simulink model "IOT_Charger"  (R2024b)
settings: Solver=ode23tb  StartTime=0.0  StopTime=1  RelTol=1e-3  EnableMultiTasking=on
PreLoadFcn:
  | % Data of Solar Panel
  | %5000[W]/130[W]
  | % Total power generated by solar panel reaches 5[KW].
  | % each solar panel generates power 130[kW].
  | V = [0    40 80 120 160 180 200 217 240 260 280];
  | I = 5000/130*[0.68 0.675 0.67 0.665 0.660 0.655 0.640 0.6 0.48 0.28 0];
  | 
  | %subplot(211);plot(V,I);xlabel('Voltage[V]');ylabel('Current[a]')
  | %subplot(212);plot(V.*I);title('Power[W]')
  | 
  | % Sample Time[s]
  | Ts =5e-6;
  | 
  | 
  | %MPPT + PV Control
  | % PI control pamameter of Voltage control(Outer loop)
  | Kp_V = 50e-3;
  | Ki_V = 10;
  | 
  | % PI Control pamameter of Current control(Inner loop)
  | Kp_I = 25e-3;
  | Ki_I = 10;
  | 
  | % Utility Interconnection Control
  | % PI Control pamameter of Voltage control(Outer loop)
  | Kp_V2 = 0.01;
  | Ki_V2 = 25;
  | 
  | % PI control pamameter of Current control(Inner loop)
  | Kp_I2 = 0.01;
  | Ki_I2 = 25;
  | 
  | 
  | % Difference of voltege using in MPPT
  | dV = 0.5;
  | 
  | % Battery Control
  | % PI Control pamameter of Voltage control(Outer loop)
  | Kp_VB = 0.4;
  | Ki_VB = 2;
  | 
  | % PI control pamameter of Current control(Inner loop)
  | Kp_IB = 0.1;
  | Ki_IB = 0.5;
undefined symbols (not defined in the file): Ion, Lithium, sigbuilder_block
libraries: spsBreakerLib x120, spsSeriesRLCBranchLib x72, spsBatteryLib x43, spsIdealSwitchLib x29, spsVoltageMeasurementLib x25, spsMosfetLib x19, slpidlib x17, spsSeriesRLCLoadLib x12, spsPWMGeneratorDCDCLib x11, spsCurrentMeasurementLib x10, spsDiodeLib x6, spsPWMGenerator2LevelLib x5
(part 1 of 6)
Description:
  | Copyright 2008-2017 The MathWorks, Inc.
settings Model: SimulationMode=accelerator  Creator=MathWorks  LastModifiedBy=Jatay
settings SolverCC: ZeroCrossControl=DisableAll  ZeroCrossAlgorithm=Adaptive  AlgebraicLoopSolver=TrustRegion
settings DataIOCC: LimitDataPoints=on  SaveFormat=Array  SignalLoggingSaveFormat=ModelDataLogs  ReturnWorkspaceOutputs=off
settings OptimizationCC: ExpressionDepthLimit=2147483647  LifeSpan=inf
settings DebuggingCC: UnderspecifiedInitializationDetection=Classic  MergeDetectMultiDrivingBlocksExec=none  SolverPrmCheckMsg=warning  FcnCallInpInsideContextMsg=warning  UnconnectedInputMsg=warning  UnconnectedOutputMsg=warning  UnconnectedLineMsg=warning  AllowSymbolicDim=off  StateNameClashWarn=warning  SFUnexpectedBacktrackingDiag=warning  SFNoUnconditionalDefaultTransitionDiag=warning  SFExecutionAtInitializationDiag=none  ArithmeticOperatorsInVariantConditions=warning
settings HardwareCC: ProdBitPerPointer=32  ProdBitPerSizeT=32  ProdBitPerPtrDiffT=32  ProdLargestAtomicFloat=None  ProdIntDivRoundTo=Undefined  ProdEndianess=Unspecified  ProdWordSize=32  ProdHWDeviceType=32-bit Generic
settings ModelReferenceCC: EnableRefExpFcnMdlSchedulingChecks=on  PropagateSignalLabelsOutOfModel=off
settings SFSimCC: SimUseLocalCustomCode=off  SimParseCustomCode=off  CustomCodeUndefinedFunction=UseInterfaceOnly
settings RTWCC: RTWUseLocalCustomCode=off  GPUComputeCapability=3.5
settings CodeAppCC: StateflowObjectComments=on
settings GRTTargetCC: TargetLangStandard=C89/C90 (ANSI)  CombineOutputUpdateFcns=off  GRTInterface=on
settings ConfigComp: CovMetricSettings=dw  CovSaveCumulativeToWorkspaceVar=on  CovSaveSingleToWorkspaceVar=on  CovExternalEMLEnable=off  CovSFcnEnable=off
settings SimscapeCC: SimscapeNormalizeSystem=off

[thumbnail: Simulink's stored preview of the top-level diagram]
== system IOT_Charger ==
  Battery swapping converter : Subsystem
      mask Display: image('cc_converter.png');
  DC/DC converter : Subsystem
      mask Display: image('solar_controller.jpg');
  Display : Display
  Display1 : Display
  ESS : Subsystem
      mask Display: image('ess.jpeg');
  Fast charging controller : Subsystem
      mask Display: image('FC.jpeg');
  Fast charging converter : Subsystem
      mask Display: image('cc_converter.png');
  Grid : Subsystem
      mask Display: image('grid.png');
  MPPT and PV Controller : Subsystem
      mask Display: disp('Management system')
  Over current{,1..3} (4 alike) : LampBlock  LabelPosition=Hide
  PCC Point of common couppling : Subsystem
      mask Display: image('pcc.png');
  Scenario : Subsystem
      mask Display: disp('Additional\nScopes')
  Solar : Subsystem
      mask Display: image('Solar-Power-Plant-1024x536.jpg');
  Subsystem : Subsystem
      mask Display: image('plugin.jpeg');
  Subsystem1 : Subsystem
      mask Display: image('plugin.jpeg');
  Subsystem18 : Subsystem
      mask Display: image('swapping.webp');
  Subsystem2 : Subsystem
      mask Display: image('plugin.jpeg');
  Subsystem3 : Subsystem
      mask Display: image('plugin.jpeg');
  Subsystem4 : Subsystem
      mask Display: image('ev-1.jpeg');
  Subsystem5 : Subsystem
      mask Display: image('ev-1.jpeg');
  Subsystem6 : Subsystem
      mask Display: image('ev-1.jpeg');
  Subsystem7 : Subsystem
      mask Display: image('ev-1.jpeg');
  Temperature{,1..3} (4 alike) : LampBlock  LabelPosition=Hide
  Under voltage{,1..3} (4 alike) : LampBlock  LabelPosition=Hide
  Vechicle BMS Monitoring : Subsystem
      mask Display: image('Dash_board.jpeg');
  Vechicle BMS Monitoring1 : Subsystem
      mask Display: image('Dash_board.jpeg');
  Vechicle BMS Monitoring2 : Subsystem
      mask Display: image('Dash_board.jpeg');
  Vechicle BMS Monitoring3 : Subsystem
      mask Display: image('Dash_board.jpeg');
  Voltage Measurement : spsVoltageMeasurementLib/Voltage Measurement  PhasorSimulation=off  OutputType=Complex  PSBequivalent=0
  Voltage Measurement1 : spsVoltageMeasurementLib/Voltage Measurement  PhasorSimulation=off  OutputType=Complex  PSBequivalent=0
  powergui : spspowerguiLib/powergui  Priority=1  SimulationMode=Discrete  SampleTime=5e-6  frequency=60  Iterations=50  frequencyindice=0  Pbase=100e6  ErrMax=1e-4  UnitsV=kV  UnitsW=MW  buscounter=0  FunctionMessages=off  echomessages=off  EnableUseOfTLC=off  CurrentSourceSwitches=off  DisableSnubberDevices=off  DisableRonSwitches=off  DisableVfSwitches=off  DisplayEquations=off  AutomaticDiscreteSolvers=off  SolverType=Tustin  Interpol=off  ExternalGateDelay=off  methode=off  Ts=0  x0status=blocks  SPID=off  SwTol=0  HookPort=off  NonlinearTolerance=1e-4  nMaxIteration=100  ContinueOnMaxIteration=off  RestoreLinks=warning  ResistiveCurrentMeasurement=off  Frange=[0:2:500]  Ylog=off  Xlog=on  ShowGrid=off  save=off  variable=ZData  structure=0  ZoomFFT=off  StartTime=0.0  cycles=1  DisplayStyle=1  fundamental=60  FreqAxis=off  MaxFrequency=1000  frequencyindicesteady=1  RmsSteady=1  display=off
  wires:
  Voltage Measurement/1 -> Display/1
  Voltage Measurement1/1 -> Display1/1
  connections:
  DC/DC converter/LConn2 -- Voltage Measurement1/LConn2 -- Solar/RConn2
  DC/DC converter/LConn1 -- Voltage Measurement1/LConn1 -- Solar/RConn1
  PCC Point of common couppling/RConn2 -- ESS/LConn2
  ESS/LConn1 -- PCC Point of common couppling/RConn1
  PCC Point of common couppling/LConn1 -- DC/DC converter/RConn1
■ ■ ■ ■ ■ ■ ■
- Directions for this task
Each line above that has the word "SimulationMode" should be copied.

- Finished exercise
settings Model: SimulationMode=accelerator  Creator=MathWorks  LastModifiedBy=Jatay
  powergui : spspowerguiLib/powergui  Priority=1  SimulationMode=Discrete  SampleTime=5e-6  frequency=60  Iterations=50  frequencyindice=0  Pbase=100e6  ErrMax=1e-4  UnitsV=kV  UnitsW=MW  buscounter=0  FunctionMessages=off  echomessages=off  EnableUseOfTLC=off  CurrentSourceSwitches=off  DisableSnubberDevices=off  DisableRonSwitches=off  DisableVfSwitches=off  DisplayEquations=off  AutomaticDiscreteSolvers=off  SolverType=Tustin  Interpol=off  ExternalGateDelay=off  methode=off  Ts=0  x0status=blocks  SPID=off  SwTol=0  HookPort=off  NonlinearTolerance=1e-4  nMaxIteration=100  ContinueOnMaxIteration=off  RestoreLinks=warning  ResistiveCurrentMeasurement=off  Frange=[0:2:500]  Ylog=off  Xlog=on  ShowGrid=off  save=off  variable=ZData  structure=0  ZoomFFT=off  StartTime=0.0  cycles=1  DisplayStyle=1  fundamental=60  FreqAxis=off  MaxFrequency=1000  frequencyindicesteady=1  RmsSteady=1  display=off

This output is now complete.